_Data for analysis_:
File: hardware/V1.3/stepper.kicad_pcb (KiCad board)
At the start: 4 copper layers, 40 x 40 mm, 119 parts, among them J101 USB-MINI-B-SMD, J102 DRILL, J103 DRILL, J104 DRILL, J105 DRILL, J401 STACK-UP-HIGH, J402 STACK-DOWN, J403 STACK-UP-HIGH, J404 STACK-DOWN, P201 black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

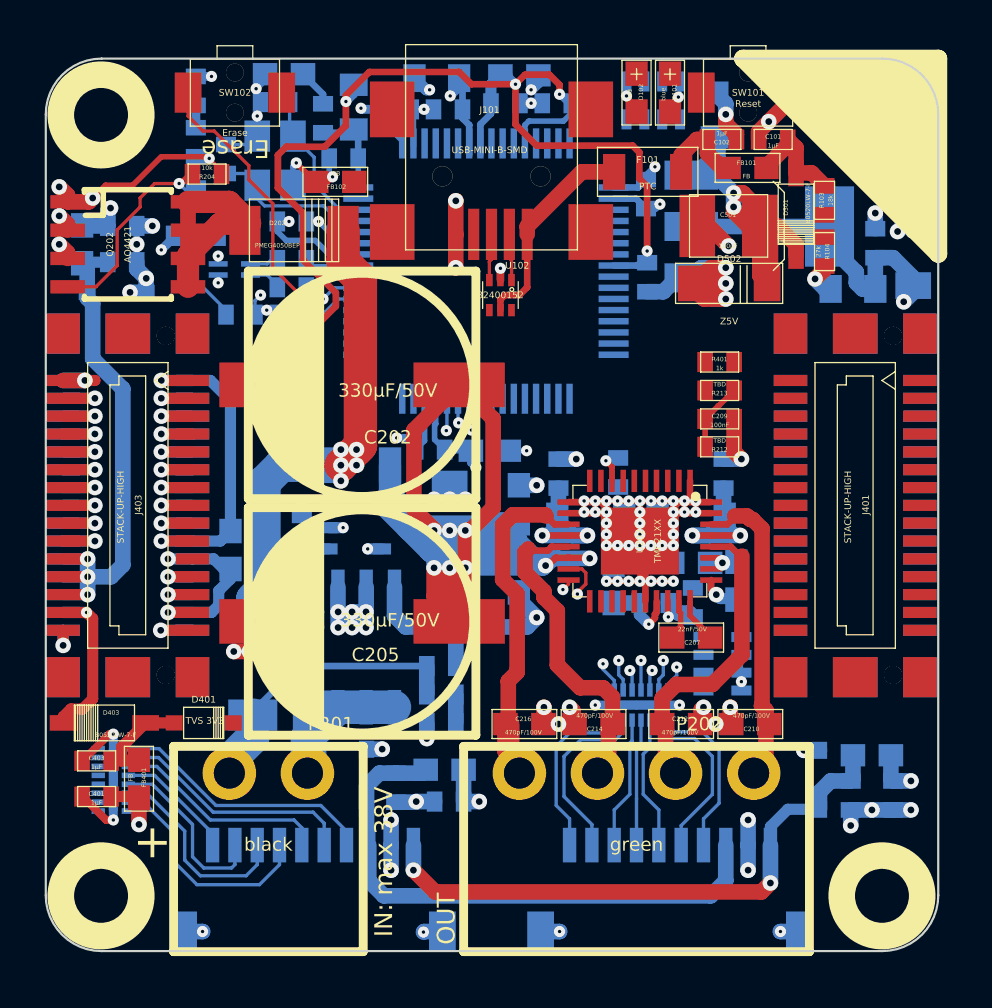
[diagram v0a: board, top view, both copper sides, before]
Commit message: fully routed, fine tuning missing
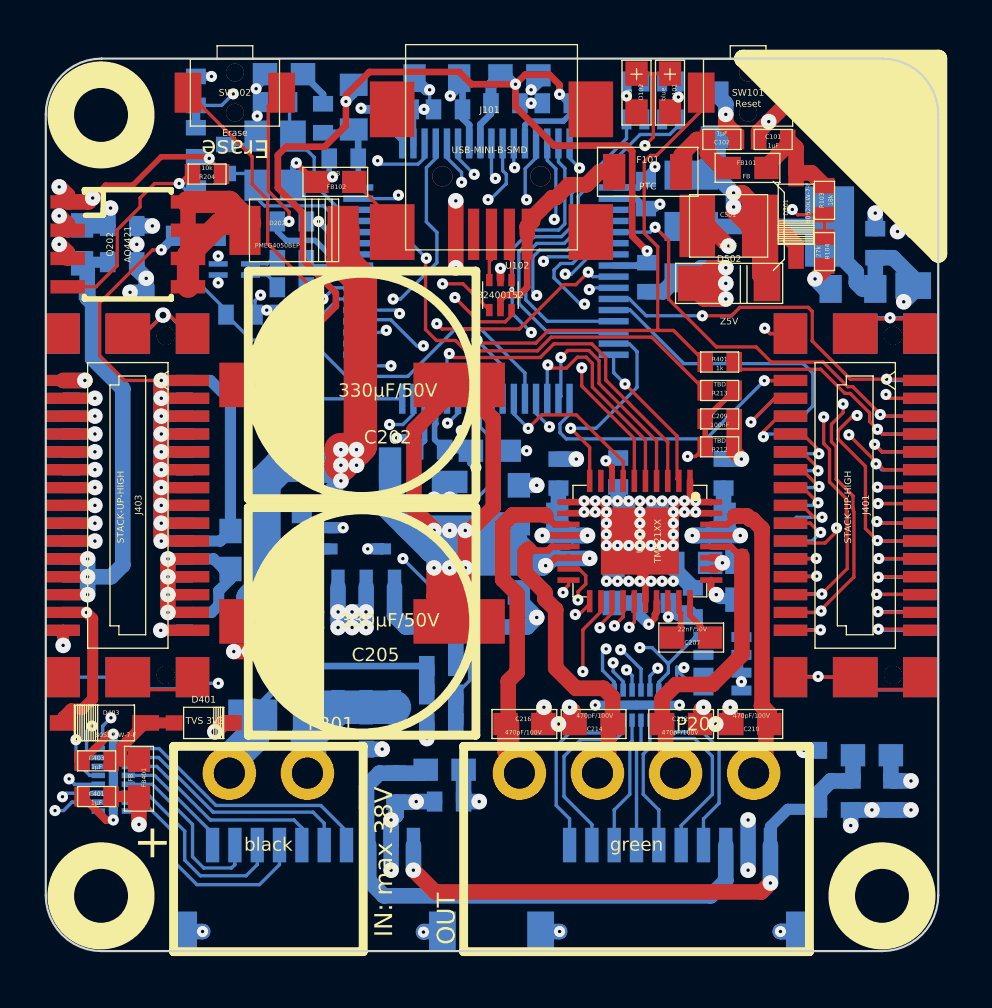
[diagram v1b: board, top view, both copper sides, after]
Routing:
- net GND: track 189.6 -> 402.5 mm, vias 57 -> 63
- net 3V3: track 44.6 -> 192.9 mm, vias 12 -> 14
- net BRICKLET-I2C-SCL: track 1.19 -> 54.6 mm, vias 1 -> 3
- net BRICKLET-I2C-SDA: track 2.35 -> 53.6 mm, vias 2 -> 3
- net BRICKLET-IO0_0/AD0: track 0.00 -> 45.8 mm, vias 0 -> 2
- net BRICKLET-IO1_0/AD1: track 1.33 -> 45.4 mm, vias 1 -> 2
- net BRICKLET-IO0_1: track 0.00 -> 42.0 mm, vias 0 -> 2
- net STACK-INT: track 0.00 -> 40.3 mm, vias 0 -> 3
- net BRICKLET-IO0_3: track 0.00 -> 39.4 mm, vias 0 -> 3
- net STACK-PGND: track 178.0 -> 217.1 mm, vias 78 -> 77
- net STACK-SER-RXD: track 0.00 -> 35.5 mm, vias 0 -> 3
- net STACK-SER-TXD: track 0.00 -> 35.2 mm, vias 0 -> 3
- net BRICKLET-IO1_1: track 0.92 -> 36.0 mm, vias 1 -> 2
- net BRICKLET-IO1_3: track 1.38 -> 33.8 mm, vias 1 -> 2
- net PWR-ENABLE: track 0.00 -> 31.4 mm, vias 0 -> 2
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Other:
- net class Default: trace_width 0.14986 -> 0.148
- rule trace_min: 0.14986 -> 0.148

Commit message: fully routed, logos etc. placed, finished
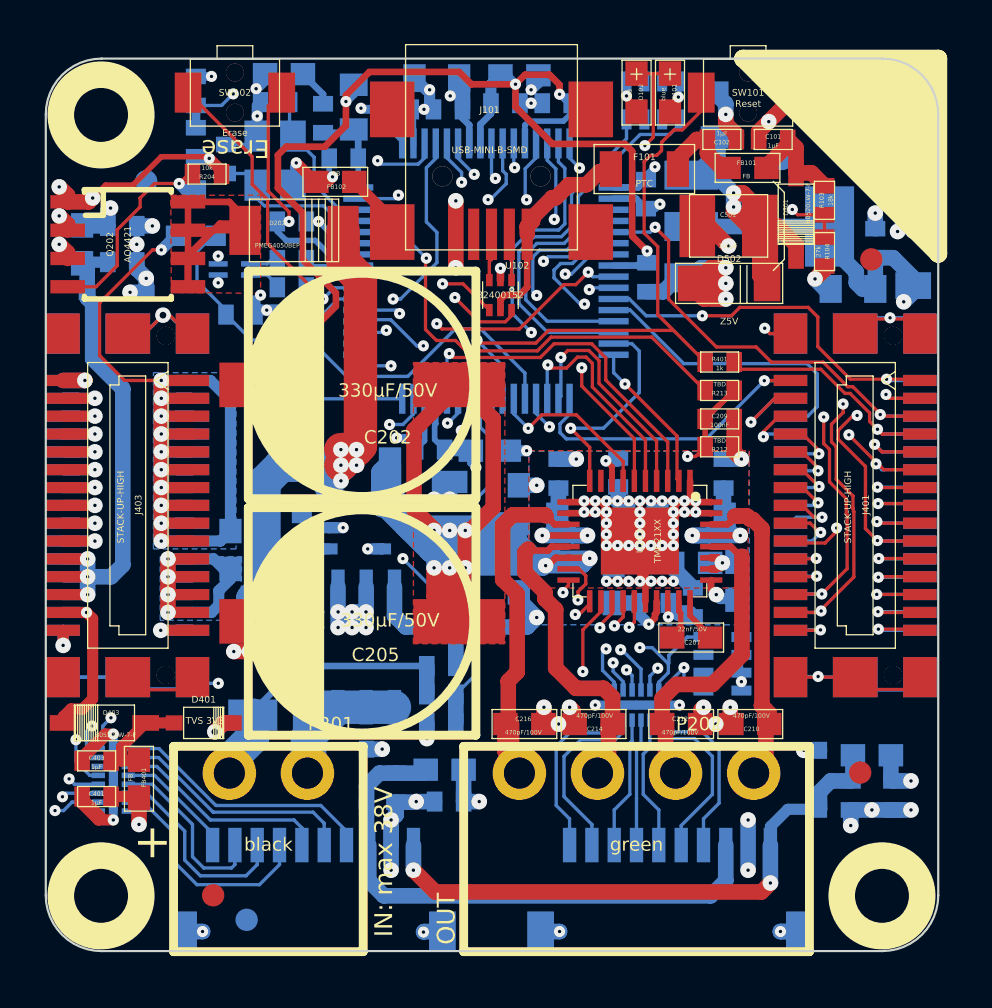
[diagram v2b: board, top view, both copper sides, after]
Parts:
- added Fiducial_Mark: VAL**, kicad-libraries:Fiducial_Mark, F.Cu at (163.7, 81.8)
- added Fiducial_Mark: VAL**, kicad-libraries:Fiducial_Mark, B.Cu at (135.7, 111.4)
- added Fiducial_Mark: VAL**, kicad-libraries:Fiducial_Mark, B.Cu at (131.2, 78.3)
- added Fiducial_Mark: VAL**, kicad-libraries:Fiducial_Mark, B.Cu at (159.7, 77.3)
- added Fiducial_Mark: VAL**, kicad-libraries:Fiducial_Mark, F.Cu at (163.2, 104.8)
- added Fiducial_Mark: VAL**, kicad-libraries:Fiducial_Mark, F.Cu at (134.2, 110.3)
- added G***: LOGO, kicad-libraries:Logo_31x31m, B.Cu at (157.5, 85.2)
- added VAL: WEEE_7mm_back, kicad-libraries:WEEE_7mm_back, B.Cu at (136.3, 88.3)
- added VAL: CE_5mm, kicad-libraries:CE_5mm, B.Cu at (148.4, 101.1)
- moved F101 0.20 mm to (153.6, 77.7)
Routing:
- net GND: track 402.5 -> 435.4 mm
- net VEE: track 73.7 -> 77.8 mm
- net Net-(D202-Pad2): track 28.2 -> 30.2 mm
- net 3V3: track 192.9 -> 192.0 mm
- net BRICKLET-IO1_0/AD1: track 45.4 -> 46.0 mm
- net BRICKLET-I2C-SDA: track 53.6 -> 54.2 mm
- net Net-(L101-Pad3): track 14.6 -> 15.1 mm
- net STACK-RESET: track 26.3 -> 26.8 mm
- added copper zone on VCC, net 3V3
- added copper zone on B.Cu, net GND
- added copper zone on GND, net GND
- added copper zone on F.Cu, net Net-(D202-Pad1)
- added copper zone on B.Cu, net STACK-PGND
- added copper zone on F.Cu, net STACK-PGND
- added copper zone on GND, net STACK-PGND
- added copper zone on VCC, net STACK-PVCC
- added copper zone on F.Cu, net VEE
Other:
- board text added: "tinkerforge.com"
- board text removed: "Reset"

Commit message: ordered version
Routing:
- net M2: track 14.5 -> 15.5 mm
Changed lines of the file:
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@@
     (thickness 1.6002)
     (drawings 64)
-    (tracks 2583)
+    (tracks 2589)
     (zones 0)
     (modules 128)
@@
     (1 GND signal hide)
     (2 VCC signal hide)
-    (31 Rückseite signal hide)
+    (31 Rückseite signal)
     (32 B.Adhes user)
     (33 F.Adhes user)
@@
   )
   (setup
-    (last_trace_width 0.1524)
+    (last_trace_width 0.25)
     (user_trace_width 0.1524)
     (user_trace_width 0.25)
@@
     (pad_to_mask_clearance 0)
     (aux_axis_origin 126.72568 112.776)
-    (visible_elements FFFF5FBF)
+    (visible_elements FFFF9FBF)
     (pcbplotparams
-      (layerselection 0x00030_80000001)
+      (layerselection 0x010f0_80000007)
       (usegerberextensions true)
       (excludeedgelayer true)
       (linewidth 0.150000)
-      (plotframeref true)
+      (plotframeref false)
       (viasonmask false)
       (mode 1)
@@
       (drillshape 0)
       (scaleselection 1)
-      (outputdirectory prod/))
+      (outputdirectory /tmp/stepper/))
   )
   (net 0 "")
@@
   (segment (start 139.15 74.8) (end 139.15 74.3749) (width 0.2998) (layer Rückseite) (net 123))
   (segment (start 139.05 74.6499) (end 139.2 74.8) (width 0.2998) (layer Rückseite) (net 123))
+  (segment (start 157.15 93.6507) (end 157.5257 93.275) (width 0.35) (layer Vorderseite) (net 124))
+  (segment (start 157.6 93.275) (end 157.8 93.275) (width 0.701) (layer Vorderseite) (net 124))
+  (segment (start 157.5257 93.275) (end 157.6 93.275) (width 0.35) (layer Vorderseite) (net 124))
   (segment (start 159.1501 102.6) (end 159.1501 102.1251) (width 0.70104) (layer Vorderseite) (net 124))
   (segment (start 159.1501 102.1251) (end 158.8 101.775) (width 0.70104) (layer Vorderseite) (net 124))
@@
   (segment (start 158.3 93.425) (end 158.3 93.5) (width 0.1524) (layer Vorderseite) (net 124))
   (segment (start 158.3 93.5) (end 158.825 94.025) (width 0.1524) (layer Vorderseite) (net 124))
-  (segment (start 156.54786 93.6507) (end 157.4243 93.6507) (width 0.1524) (layer Vorderseite) (net 124))
-  (segment (start 157.4243 93.6507) (end 157.8 93.275) (width 0.1524) (layer Vorderseite) (net 124))
+  (segment (start 156.54786 93.6507) (end 157.15 93.6507) (width 0.1524) (layer Vorderseite) (net 124))
   (segment (start 158.4 93.425) (end 158.3 93.425) (width 0.701) (layer Vorderseite) (net 124))
   (segment (start 158.15 93.275) (end 157.8 93.275) (width 0.701) (layer Vorderseite) (net 124))
-  (segment (start 157.8 93.275) (end 157.6 93.275) (width 0.701) (layer Vorderseite) (net 124))
   (segment (start 158.3 93.425) (end 158.15 93.275) (width 0.701) (layer Vorderseite) (net 124))
   (segment (start 159 104.25) (end 158.45 104.8) (width 0.701) (layer Vorderseite) (net 124))
@@
   (segment (start 158.4 93.425) (end 158.3 93.425) (width 0.2998) (layer Vorderseite) (net 124))
   (segment (start 158.3 93.425) (end 158.05 93.425) (width 0.2998) (layer Vorderseite) (net 124))
+  (segment (start 157.925 95.25) (end 157.325 94.65) (width 0.35) (layer Vorderseite) (net 125))
+  (segment (start 157.175 94.65) (end 157.175 94.6489) (width 0.35) (layer Vorderseite) (net 125))
+  (segment (start 157.325 94.65) (end 157.175 94.65) (width 0.35) (layer Vorderseite) (net 125))
   (segment (start 154.5 104.35) (end 154.95 104.8) (width 0.701) (layer Vorderseite) (net 125))
   (segment (start 154.5 102.6) (end 154.5 104.35) (width 0.701) (layer Vorderseite) (net 125))
-  (segment (start 157.85 95.075) (end 157.925 95.075) (width 0.2998) (layer Vorderseite) (net 125))
-  (segment (start 157.424 94.6489) (end 157.85 95.075) (width 0.2998) (layer Vorderseite) (net 125))
-  (segment (start 156.548 94.6489) (end 157.424 94.6489) (width 0.2998) (layer Vorderseite) (net 125))
+  (segment (start 156.548 94.6489) (end 157.175 94.6489) (width 0.2998) (layer Vorderseite) (net 125))
   (segment (start 154.35 101.45) (end 154.35 102.425) (width 0.701) (layer Vorderseite) (net 125))
   (segment (start 154.975 100.825) (end 154.35 101.45) (width 0.701) (layer Vorderseite) (net 125))
   (segment (start 156.6 100.825) (end 154.975 100.825) (width 0.701) (layer Vorderseite) (net 125))
   (segment (start 157.925 99.5) (end 156.6 100.825) (width 0.701) (layer Vorderseite) (net 125))
-  (segment (start 157.925 95.075) (end 157.925 99.5) (width 0.701) (layer Vorderseite) (net 125))
+  (segment (start 157.925 95.25) (end 157.925 99.5) (width 0.701) (layer Vorderseite) (net 125))
+  (segment (start 148.2 95.8) (end 148.425 95.575) (width 0.25) (layer Vorderseite) (net 126))
+  (segment (start 148.425 95.225) (end 148.675 94.975) (width 0.25) (layer Vorderseite) (net 126))
+  (segment (start 148.425 95.575) (end 148.425 95.225) (width 0.25) (layer Vorderseite) (net 126))
   (segment (start 149.401 94.6489) (end 150.152 94.6489) (width 0.2998) (layer Vorderseite) (net 126))
   (segment (start 149.225 94.825) (end 149.401 94.6489) (width 0.2998) (layer Vorderseite) (net 126))
@@
   (segment (start 149.0916 96.9881) (end 149.5764 97.4729) (width 0.701) (layer Vorderseite) (net 126))
   (segment (start 149.0916 96.6916) (end 149.0916 96.9881) (width 0.701) (layer Vorderseite) (net 126))
+  (segment (start 148.2 95.8) (end 148.2 95.8) (width 0.701) (layer Vorderseite) (net 126))
   (segment (start 148.2 95.8) (end 149.0916 96.6916) (width 0.701) (layer Vorderseite) (net 126))
   (segment (start 148.2 94.9) (end 148.2 95.8) (width 0.701) (layer Vorderseite) (net 126))

_What you have to do_: If a line in the material contains the word "text", copy that line.

_Result of this task_:
- board text added: "tinkerforge.com"
- board text removed: "Reset"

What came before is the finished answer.